PROJET DE MODIFICATION CONSTITUTIONNELLE AU CONGO : L’Elysée accordera t-il son onction à Sassou NGuesso ?
A peine est-il rentré de la mini-tournée africaine que le président français, François Hollande, a reçu son homologue congolais, Denis Sassou NGuesso. Cet accueil par l’Elysée, du dictateur de la rive Sud du fleuve Congo, a de quoi intriguer, au regard des velléités de tripatouillage constitutionnel dont fait montre ce vieux caïman de la mare politique congolaise. Mais le président français avait-il vraiment le choix ?

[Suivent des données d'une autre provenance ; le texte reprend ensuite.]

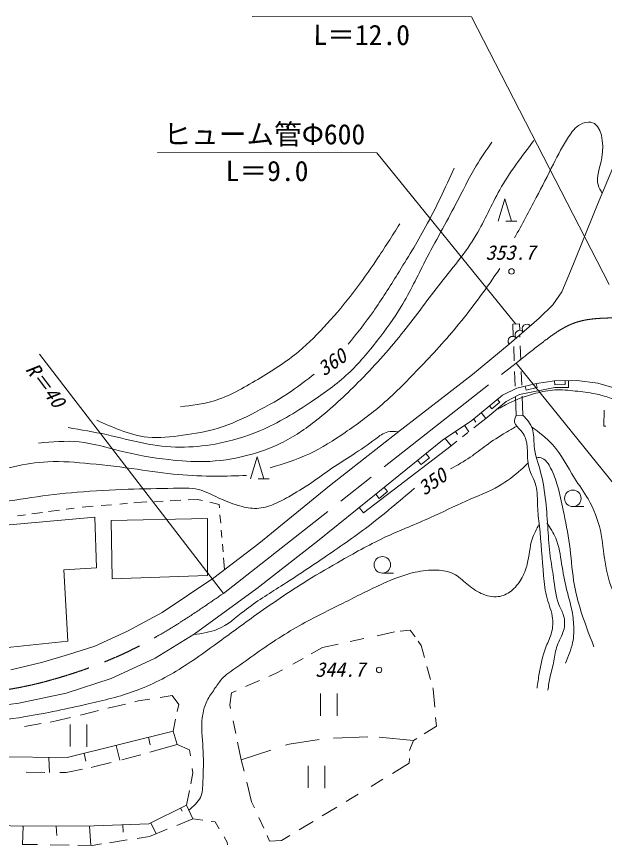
# Model space of a CAD drawing. Units: millimetres, scale not verified. Extents: x 40000 to 680000, y 20000 to 380000.
# Drawn here: x 135480 to 188650, y 243503 to 318464 of the extents above; entities that cross this region are included whole.
import ezdxf
from ezdxf.enums import TextEntityAlignment as Align

# ---------------------------------------------------------------- set-up
doc = ezdxf.new("R2010")
doc.units = ezdxf.units.MM
doc.header["$LTSCALE"] = 1000
doc.linetypes.add('CHAIN', pattern=[18.5, 12, -1.5, 3.5, -1.5])
for name, color, linetype, lineweight in [('M-BGD', 7, 'Continuous', 13), ('M-BMK', 2, 'CHAIN', 13), ('M-STR-HTXT', 7, 'Continuous', 13), ('M-STR-STR3', 7, 'Continuous', 13)]:
    doc.layers.add(name, color=color, linetype=linetype, lineweight=lineweight)
doc.styles.add('ＭＳ ゴシック', font='')
doc.styles.get('ＭＳ ゴシック').set_extended_font_data('MS Gothic')

msp = doc.modelspace()

# ---------------------------------------------------------------- linework, layer by layer
at = {"layer": 'M-BGD'}
for p, q in [((192048, 311184), (188039, 301474)), ((179033, 299971), (179635, 301971)), ((179635, 301971), (180233, 299970)), ((188039, 301474), (185578, 295440)), ((179733, 299971), (180733, 299970)), ((185578, 295440), (184786, 293568)), ((184786, 293568), (183994, 292403)), ((183994, 292403), (182745, 291197)), ((182745, 291197), (180037, 288847)), ((180366, 290643), (180966, 290665)), ((180408, 289541), (180366, 290643)), ((180987, 290096), (180966, 290665)), ((181011, 289470), (181005, 289625)), ((180037, 288847), (176706, 286103)), ((180491, 287328), (180442, 288627)), ((181089, 287402), (181040, 288683)), ((180576, 285051), (180527, 286356)), ((181174, 285114), (181127, 286379)), ((176706, 286103), (169928, 280849)), ((179418, 284238), (180724, 284857)), ((180724, 284857), (182510, 285290)), ((180970, 284274), (184170, 284929)), ((181573, 284690), (181488, 285042)), ((181573, 284690), (182559, 284929)), ((182559, 284929), (182473, 285285)), ((182510, 285290), (184148, 285512)), ((184148, 285512), (186157, 285560)), ((184151, 285163), (184148, 285512)), ((184151, 285163), (185092, 285185)), ((184170, 284929), (185406, 284909)), ((185092, 285185), (185088, 285534)), ((185406, 284909), (185399, 285542)), ((186157, 285560), (188042, 285323)), ((188042, 285323), (190013, 284738)), ((176652, 281936), (179418, 284238)), ((179757, 283657), (180970, 284274)), ((180676, 282391), (180611, 284115)), ((181276, 282414), (181211, 284140)), ((177931, 282122), (179757, 283657)), ((178466, 283003), (179176, 283594)), ((178964, 283860), (179176, 283594)), ((177502, 282643), (177923, 282115)), ((178254, 283269), (178466, 283003)), ((188582, 281419), (188637, 282876)), ((174018, 280161), (176652, 281936)), ((177009, 281790), (176830, 282056)), ((177931, 282122), (176840, 281262)), ((180676, 282391), (181276, 282414)), ((176395, 280912), (176001, 281497)), ((188782, 281412), (188582, 281419)), ((169928, 280849), (163774, 276010)), ((175351, 280672), (175171, 280938)), ((176310, 280844), (175803, 280445)), ((166844, 273575), (174793, 279649)), ((168155, 275426), (174018, 280161)), ((174793, 279649), (174252, 280313)), ((175308, 280055), (174793, 279649)), ((172819, 278550), (172505, 278939)), ((156633, 276660), (157235, 278659)), ((157235, 278659), (157833, 276659)), ((172062, 277940), (171748, 278329)), ((172819, 278550), (172062, 277940)), ((157333, 276659), (158333, 276658)), ((163774, 276010), (157396, 270821)), ((169037, 275497), (168722, 275886)), ((162688, 271020), (168155, 275426)), ((168280, 274886), (167966, 275275)), ((169037, 275497), (168280, 274886)), ((144808, 274380), (145525, 274442)), ((146074, 274490), (146778, 274551)), ((146778, 274551), (147271, 274575)), ((147948, 274608), (148729, 274647)), ((149377, 274679), (150341, 274726)), ((151003, 274759), (151832, 274800)), ((151832, 274800), (152291, 274693)), ((152970, 274536), (153802, 274343)), ((136861, 273483), (137818, 273613)), ((138381, 273690), (139361, 273824)), ((139970, 273907), (140703, 274007)), ((141424, 274085), (142411, 274171)), ((143124, 274233), (144051, 274314)), ((153802, 274343), (153828, 274021)), ((166453, 274054), (166844, 273575)), ((185792, 274142), (186792, 274141)), ((128187, 271916), (142550, 273177)), ((135566, 273313), (135863, 273347)), ((135863, 273347), (136286, 273404)), ((142550, 273177), (142710, 268622)), ((144033, 272888), (152760, 273059)), ((144139, 267608), (144033, 272888)), ((152760, 273059), (152756, 267903)), ((153878, 273414), (153942, 272641)), ((153994, 272005), (154048, 271348)), ((157396, 270821), (153308, 267709)), ((154098, 270739), (154155, 270053)), ((157221, 266745), (162688, 271020)), ((154198, 269520), (154286, 268453)), ((142710, 268622), (139756, 268419)), ((139756, 268419), (140120, 261976)), ((152756, 267903), (144139, 267608)), ((153308, 267709), (148660, 264564)), ((168563, 268128), (169563, 268127)), ((151557, 262602), (157221, 266745)), ((148660, 264564), (145510, 262886)), ((145510, 262886), (142545, 261513)), ((148001, 260433), (151557, 262602)), ((168092, 262470), (169665, 262814)), ((170186, 262868), (171095, 262961)), ((171095, 262961), (171521, 262364)), ((140120, 261976), (130435, 260958)), ((163158, 261390), (164553, 261695)), ((165639, 261933), (166900, 262209)), ((171789, 261988), (172080, 261580)), ((142545, 261513), (140191, 260781)), ((162120, 260817), (163158, 261390)), ((172080, 261580), (172378, 260491)), ((140191, 260781), (137867, 260080)), ((144050, 258593), (148001, 260433)), ((160476, 259910), (161396, 260418)), ((137867, 260080), (134963, 259379)), ((158966, 259076), (159536, 259391)), ((172599, 259686), (172919, 258517)), ((158308, 258788), (158966, 259076)), ((139967, 257279), (144050, 258593)), ((156191, 257861), (157455, 258414)), ((135688, 256361), (139967, 257279)), ((154774, 256221), (154923, 257305)), ((154923, 257305), (155335, 257485)), ((162969, 255233), (162970, 257233)), ((164470, 257232), (164469, 255232)), ((173130, 257747), (173161, 257636)), ((173161, 257636), (173304, 255998)), ((146165, 256499), (146492, 256579)), ((146492, 256579), (147520, 256736)), ((148455, 256879), (149568, 257050)), ((149568, 257050), (150142, 256238)), ((131474, 255837), (135688, 256361)), ((141247, 255296), (142880, 255695)), ((143732, 255904), (145321, 256293)), ((150142, 256238), (150007, 255604)), ((154842, 255895), (154774, 256221)), ((139056, 254760), (140349, 255076)), ((149860, 254910), (149633, 253839)), ((173384, 255081), (173454, 254284)), ((136197, 254244), (137699, 254515)), ((138505, 254660), (139056, 254760)), ((140338, 252435), (140340, 254435)), ((141840, 254433), (141838, 252433)), ((155311, 253631), (155073, 254777)), ((173454, 254284), (172346, 253599)), ((149633, 253839), (140067, 251447)), ((149633, 253839), (150004, 252622)), ((147569, 252603), (147400, 253281)), ((150004, 252622), (147521, 251927)), ((151119, 252148), (150004, 252622)), ((155806, 251241), (155472, 252854)), ((159818, 252560), (160144, 252668)), ((160144, 252668), (162850, 253095)), ((164133, 253198), (167237, 253336)), ((168281, 253288), (171383, 253004)), ((171383, 253004), (171037, 252166)), ((171678, 253187), (171383, 253004)), ((144827, 251203), (144489, 252553)), ((151197, 251603), (151119, 252148)), ((155806, 251241), (158471, 252118)), ((171037, 252166), (171034, 252093)), ((140067, 251447), (128272, 251591)), ((138471, 250094), (138393, 251467)), ((141753, 251128), (141579, 251825)), ((145914, 251476), (145000, 251246)), ((146723, 251703), (145914, 251476)), ((156054, 250233), (155806, 251241)), ((171005, 251366), (170987, 250934)), ((141457, 250401), (139964, 250095)), ((142432, 250600), (142235, 250560)), ((144030, 251002), (142432, 250600)), ((151421, 250053), (151361, 250471)), ((161857, 248697), (161859, 250697)), ((163359, 250696), (163357, 248696)), ((170987, 250934), (169477, 250019)), ((138034, 250106), (136339, 250115)), ((139964, 250095), (139381, 250098)), ((151227, 249073), (151421, 250053)), ((156739, 247445), (156304, 249216)), ((168596, 249486), (167539, 248845)), ((150844, 247147), (151108, 248473)), ((166381, 248144), (165291, 247484)), ((156988, 246902), (156739, 247445)), ((147430, 245459), (150844, 247147)), ((150462, 246597), (150319, 246887)), ((150844, 247147), (151418, 245896)), ((164438, 246967), (163128, 246173)), ((151418, 245896), (149982, 245315)), ((152326, 245774), (151418, 245896)), ((157832, 245056), (157385, 246033)), ((124956, 245544), (136007, 245232)), ((136007, 245232), (142495, 245260)), ((136023, 243591), (136072, 245232)), ((139111, 244412), (139074, 245245)), ((142200, 243505), (142075, 245244)), ((142495, 245260), (147430, 245459)), ((145129, 244695), (145080, 245365)), ((148121, 244563), (147629, 245558)), ((153446, 245624), (153088, 245672)), ((153805, 245016), (153446, 245624)), ((162297, 245670), (161039, 244908)), ((149106, 244961), (147496, 244310)), ((158363, 243895), (158136, 244392)), ((160196, 244397), (159447, 243944)), ((143166, 243634), (142325, 243503)), ((145494, 243998), (143900, 243749)), ((147496, 244310), (146394, 244138)), ((154526, 243798), (154242, 244277)), ((154543, 243550), (154526, 243798)), ((159447, 243944), (158363, 243895)), ((137376, 243572), (135989, 243591)), ((140226, 243532), (138532, 243556)), ((142325, 243503), (141032, 243521))]:
    msp.add_line(p, q, dxfattribs=at)
for centre, radius in [((180247, 295414), 250), ((185793, 274892), 750), ((168563, 268878), 750), ((168271, 259376), 250)]:
    msp.add_circle(centre, radius, dxfattribs=at)
for centre in [(181627, 290227), (180355, 289123), (180991, 289675)]:
    msp.add_arc(centre, 421, 40.95411, 220.95411, dxfattribs=at)
for points, knots in [([(180521, 298450), (181186, 299657), (181850, 300864), (182488, 302087), (183014, 303095), (183522, 304114), (184035, 305125), (184459, 305961), (184888, 306790), (185407, 307589), (185692, 308029), (186004, 308458), (186478, 308709), (186775, 308866), (187134, 308953), (187425, 308908), (188432, 308753), (188629, 307026), (188414, 305716), (188253, 304737), (187862, 303991), (188082, 303241), (188157, 302985), (188304, 302727), (188450, 302470)], [0, 0, 0, 0, 1, 1, 1, 2, 2, 2, 3, 3, 3, 4, 4, 4, 5, 5, 5, 6, 6, 6, 7, 7, 7, 8, 8, 8, 8]), ([(137472, 279888), (138700, 280004), (139928, 280121), (141133, 279999), (142366, 279874), (143575, 279499), (144792, 279196), (146265, 278828), (147751, 278566), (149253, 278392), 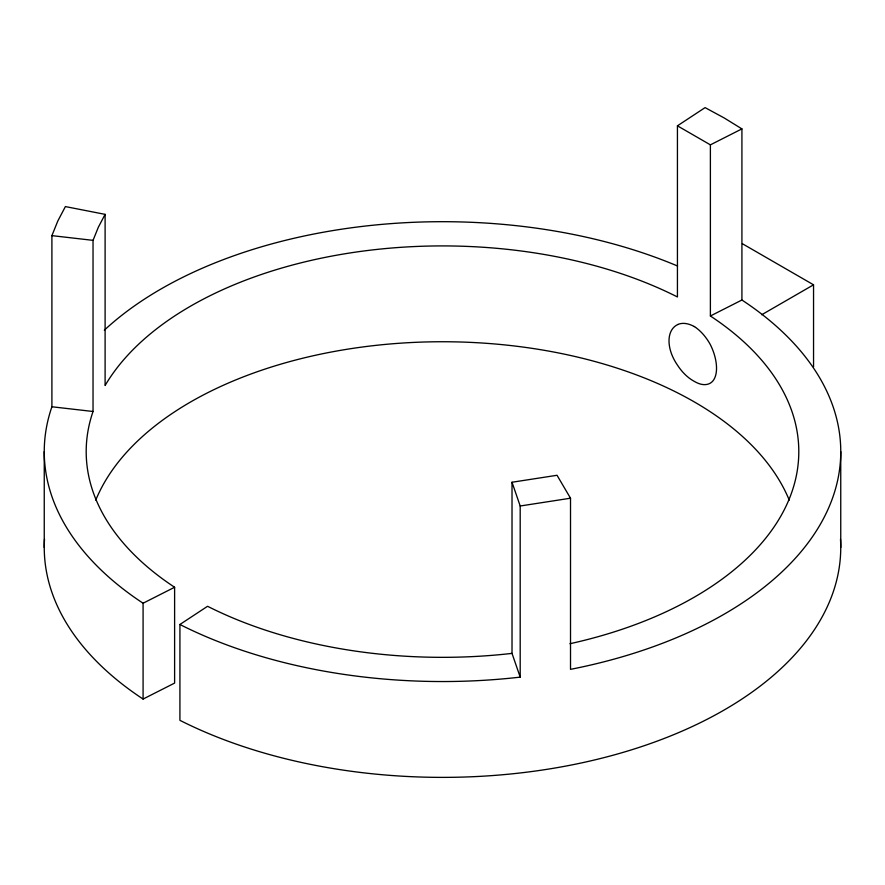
<?xml version="1.0" encoding="UTF-8"?>
<svg xmlns="http://www.w3.org/2000/svg" width="885" height="885" viewBox="0 0 885 885"><rect width="100%" height="100%" fill="white"/><g stroke="black" fill="none" stroke-linecap="round" stroke-linejoin="round"><path stroke-width="1.33" d="M105.105 214.358L98.335 227.246L93.036 240.355L93.036 411.492A356.312 205.718 0 0 0 174.611 587.253L174.611 683.087L143.082 699.061L143.082 603.227A398.25 229.923 0 0 1 51.905 406.768L51.905 235.631L57.824 220.973L65.39 206.581L105.105 214.358L105.105 385.495A356.312 205.718 0 0 1 677.434 296.962L677.434 125.825L705.079 107.616L724.107 117.904L741.918 128.889L741.918 300.015A398.25 229.923 0 0 1 570.515 669.348L570.515 498.211L557.03 475.278L512.017 482.248L512.017 653.384L520.192 677.125A398.25 229.923 0 0 1 179.92 624.489L179.92 720.324A398.25 229.923 0 0 0 613.305 755.159A398.25 229.923 0 0 0 840.496 539.253M179.92 624.489L207.566 606.28A356.312 205.718 0 0 0 512.017 653.384M761.708 314.75L813.547 284.815L813.547 366.954M677.434 125.825L710.389 144.852L741.918 128.889M677.855 324.518L676.638 325.138A33.453 21.118 54.9 0 0 676.627 363.868L677.855 365.693A33.564 20.001 58.3 0 0 694.006 381.214L695.533 382.066A33.564 18.729 61.6 0 0 710.246 383.183L711.219 382.541A33.442 17.324 64.6 0 0 711.219 346.433L710.246 344.453A33.564 18.729 61.6 0 0 695.533 327.384M143.082 603.227L174.611 587.253M569.929 643.727A356.312 205.718 0 0 0 710.389 315.989L741.918 300.015M570.515 498.211L520.192 505.999L512.017 482.248M51.905 235.631L93.036 240.355M51.905 406.768L93.036 411.492M742.415 243.74L813.547 284.815M694.006 326.454L695.533 327.417M840.75 451.615L840.75 547.45M710.389 144.852L710.389 315.989M520.192 505.999L520.192 677.125M44.25 451.615L44.25 547.45M104.308 330.205A398.25 229.923 0 0 1 677.578 266.02M143.082 699.061A398.25 229.923 0 0 1 44.504 539.253M95.746 500.147A356.312 205.718 0 0 1 442.5 341.743A356.312 205.718 0 0 1 789.254 500.147M677.855 324.474A33.564 20.001 58.3 0 1 694.006 326.41"/></g></svg>
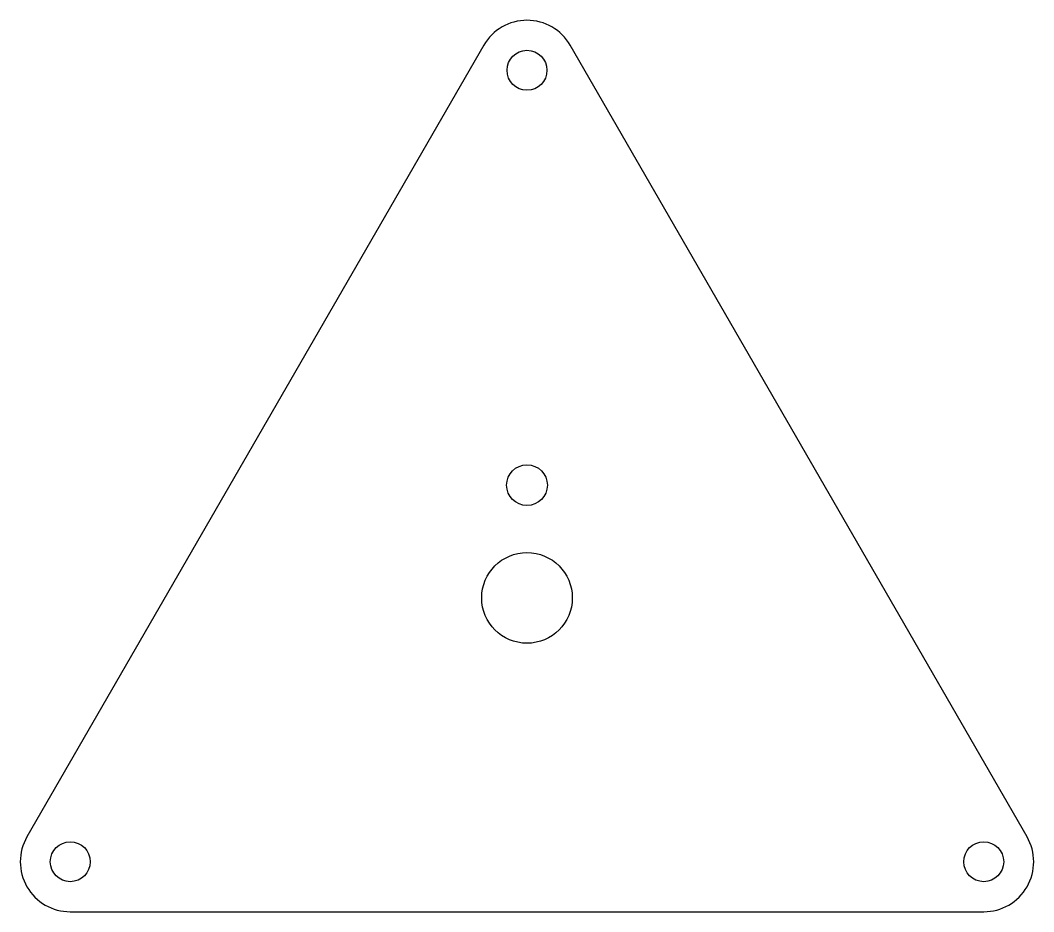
# Model space of a CAD drawing. Header units: inches. Extents: x -1.4 to 1.4, y -0.87 to 1.59.
import ezdxf

# ---------------------------------------------------------------- set-up
doc = ezdxf.new("R2010")
doc.units = ezdxf.units.IN
doc.header["$MEASUREMENT"] = 0

msp = doc.modelspace()

# ---------------------------------------------------------------- linework, layer by layer
msp.add_lwpolyline([(1.3792, -0.6585), (0.1193, 1.5236, 0.57735), (-0.1193, 1.5236), (-1.3792, -0.6585, 0.57735), (-1.2598, -0.8652), (1.2598, -0.8652, 0.57735)], format="xyb", close=True)
for centre, radius in [((0, 1.4547), 0.0551), ((0, 0.311), 0.0561), ((0, 0), 0.125), ((-1.2598, -0.7274), 0.0551), ((1.2598, -0.7274), 0.0551)]:
    msp.add_circle(centre, radius)

doc.saveas('drawing.dxf')
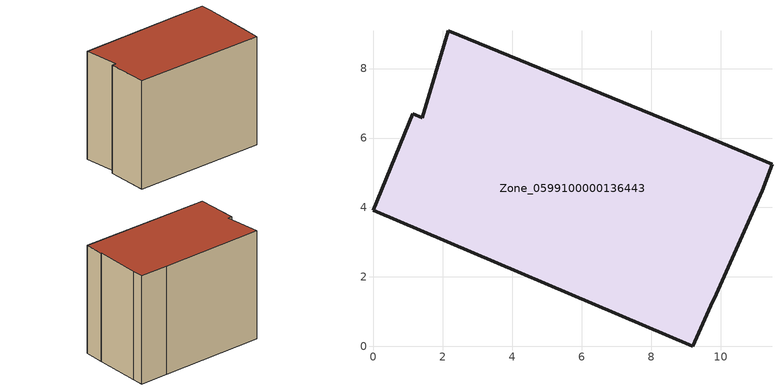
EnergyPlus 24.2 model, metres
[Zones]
Zone_0599100000136443
 floor ground (C_G): 0,3.92 1.14,6.7 1.4,6.58 2.16,9.09 9.5,6.09 11.48,5.25 11.19,4.49 9.81,1.37 9.78,1.29 9.2,0 z0.13
 wall outside (C_F): 11.48,5.25 9.5,6.09 2.16,9.09 1.4,6.58 1.14,6.7 0,3.92 9.2,0 9.78,1.29 9.81,1.37 11.19,4.49 11.48,5.25 z0.13:8.28
 roof outside (C_R): 1.14,6.7 0,3.92 9.2,0 9.78,1.29 9.81,1.37 11.19,4.49 11.48,5.25 9.5,6.09 2.16,9.09 1.4,6.58 z8.28
[BUILDING]
Pand.0599100000136443: North Axis=0; Terrain=City; Loads Convergence Tolerance Value=0.04; Temperature Convergence Tolerance Value=0.4; Solar Distribution=FullExterior; Maximum Number of Warmup Days=25; Minimum Number of Warmup Days=1
[Site:Location]
Rotterdam.The.Hague.AP_ZH_NLD Design_Conditions: Latitude=51.96; Longitude=4.45; Time Zone=1; Elevation=-4.5
[SITE:GROUNDTEMPERATURE:BUILDINGSURFACE]
18, 18, 18, 18, 18, 18, 18, 18, 18, 18, 18, 18
[MATERIAL] Thermal Absorptance=0.9; Solar Absorptance=0.7; Visible Absorptance=0.7
Name | Roughness | Thickness | Conductivity | Density | Specific Heat
G.TI.1946 | MediumSmooth | 0.15 | 1 | 540 | 1210
F.TI.1946 | Rough | 0.3 | 0.857143 | 1920 | 840
R.TI.1946 | MediumRough | 0.2 | 0.1 | 1500 | 1000
[CONSTRUCTION]
C_G: G.TI.1946
C_F: F.TI.1946
C_R: R.TI.1946
[ZONE]
Zone_0599100000136443: Type=1; Multiplier=1; Ceiling Height=Autocalculate; Volume=Autocalculate; Floor Area=autocalculate; Part of Total Floor Area=Yes
[ZONEINFILTRATION:DESIGNFLOWRATE]
Infil_Zone_0599100000136443: Zone or ZoneList or Space or SpaceList=Zone_0599100000136443; Schedule=AlwaysOn; Design Flow Rate Calculation Method=Flow/Area; Flow Rate per Floor Area=0.003; Constant Term Coefficient=1; Temperature Term Coefficient=0; Velocity Term Coefficient=0; Velocity Squared Term Coefficient=0
[HVACTEMPLATE:ZONE:IDEALLOADSAIRSYSTEM]
Zone_0599100000136443: Maximum Heating Supply Air Temperature=50; Minimum Cooling Supply Air Temperature=13; Maximum Heating Supply Air Humidity Ratio=0.0156; Minimum Cooling Supply Air Humidity Ratio=0.0077; Heating Limit=NoLimit; Cooling Limit=NoLimit; Dehumidification Control Type=ConstantSensibleHeatRatio; Cooling Sensible Heat Ratio=0.7; Dehumidification Setpoint=60; Humidification Control Type=None; Humidification Setpoint=30; Outdoor Air Method=None; Outdoor Air Flow Rate per Person=0.00944; Outdoor Air Flow Rate per Zone Floor Area=0; Outdoor Air Flow Rate per Zone=0; Demand Controlled Ventilation Type=None; Outdoor Air Economizer Type=NoEconomizer; Heat Recovery Type=None; Sensible Heat Recovery Effectiveness=0.7; Latent Heat Recovery Effectiveness=0.65
[ZONECONTROL:THERMOSTAT]
ThermostatControl_Zone_0599100000136443: Zone or ZoneList=Zone_0599100000136443; Control Type Schedule=DualSetpointControlType; Control 1=Thermostat_Zone_0599100000136443; Temperature Difference Between Cutout And Setpoint=0
[THERMOSTATSETPOINT:DUALSETPOINT]
Thermostat_Zone_0599100000136443: Heating Setpoint Temperature Schedule=HeatingSetpoint_Zone_0599100000136443; Cooling Setpoint Temperature Schedule=CoolingSetpoint_Zone_0599100000136443
[SCHEDULE:COMPACT]
HeatingSetpoint_Zone_0599100000136443: Through: 12/31, For: AllDays, Until: 24:00, 21
CoolingSetpoint_Zone_0599100000136443: Through: 12/31, For: AllDays, Until: 24:00, 24
DualSetpointControlType: Through: 12/31, For: AllDays, Until: 24:00, 4
AlwaysOn: Through: 12/31, For: AllDays, Until: 24:00, 1

Hollande a hérité du soutien français à Sassou NGuesso qui n’est autre que le prix à payer pour la dette morale au bras armé des intérêts français au Congo. Arrivé au pouvoir en 1979 suite à l’assassinat de Marien N’Gouabi et évincé des élections de 1992 par Pascal Lissouba, Sassou NGuesso a été remis en selle par les lobbies pétroliers français, aux termes d’une sanglante guerre civile. Depuis lors, la France et le dictateur se tiennent non seulement par les intérêts économiques, mais aussi par les dessous de cette sale guerre. Quand on sait qu’en France, au-delà des discours, les réalités qui prévalent dans les relations entre l’Hexagone et son pré-carré semblent immuables, le président ne pouvait déroger à la règle établie par l’histoire.
Mais plus que par l’histoire, le président français est surtout contraint par les réalités d’une économie française asphyxiée par la crise financière dont il peine à trouver les solutions de sortie en Europe. Jouant sa prochaine élection, il est obligé de s’allier des dirigeants peu fréquentables . En Afrique centrale particulièrement, il embraye sur le Congo-Brazzaville où les groupes français Total et Bolloré dominent le tissu économique. Mais le vieux dictateur au pouvoir, maniant l’arme de la concurrence, notamment avec la Chine, sait que les décideurs politiques et économiques français ont plus que jamais besoin de lui. Fort de cette position avantageuse, le vieux caïman de la rive Sud du fleuve Congo, joue très habilement pour se rendre indispensable. De fait, il s’attire ainsi les faveurs de L’Elysée et son soutien pour en tirer le meilleur bénéfice politique, notamment dans la perspective de la modification constitutionnelle qu’il ambitionne.
Hollande doit trouver les mots justes pour dire à Sassou NGuesso que son dessein est suranné et lourd de dangers
Mais au-delà de la raison d’Etat, il n’est pas impossible que se jouent, pour Hollande, des intérêts personnels. Le président normal est dans l’antichambre de la campagne présidentielle française. Ce n’est un secret pour personne que par le biais de transactions financières mafieuses, des présidents africains ont financé de par le passé, des campagnes électorales en France, et malgré le scandale suscité par ces révélations, rien ne dit que la pratique s’est arrêtée. Connaissant les mœurs politiques et les mœurs de NGuesso, il n’hésitera pas à délier les cordons de la bourse pour payer le prix de son adoubement par le locataire de l’Elysée.
Il est donc à parier que pour cette visite, la France opte pour le diplomatiquement correct, en adoptant une de ces positions ambiguës dont elle a le secret, avec pour corollaire que Sassou NGuesso en revienne renforcé dans son projet. Le pessimisme est d’autant plus grand que le discours du ministre de la Défense, Jean-Yves Le Drian, tendait à conforter NGuesso dans son initiative de dialogue qui n’est autre qu’une entourloupette. « Il faut trouver un équilibre entre l’objectif démocratique et la nécessité sécuritaire dans le cadre d’un dialogue parfois tonique, mais nécessaire. Même si la priorité est aujourd’hui sécuritaire», avait-il déclaré ! Quand on sait que le principal enjeu sécuritaire est justement lié à l’élection présidentielle de 2016, et à la modification préalable de la Constitution pour que Sassou NGuesso puisse s’arroger un nouveau mandat, on se demande si la messe n’est pas déjà dite.
Mais Hollande, au nom des intérêts du moment, peut-il se dédire et désavouer les valeurs républicaines portées par la France ? Il doit nécessairement s’assumer et trouver les mots justes pour dire à Sassou NGuesso que son dessein est suranné et lourd de dangers pour le Congo et pour toute l’Afrique Centrale. Autrement, la France devra jouer encore les sapeurs-pompiers sur le continent, comme elle le fait en République centrafricaine. Elle devra aussi souffrir de la montée d’un sentiment antifrançais sur le continent, à cause de la maturité grandissante des populations.
Mais en attendant, la société civile congolaise ne devra pas rester en marge. Elle doit donner de la voix en relayant les bruits que ne manqueront pas de produire des organisations comme Amnesty International et Sherpa à Paris, contre la visite du tripatouilleur.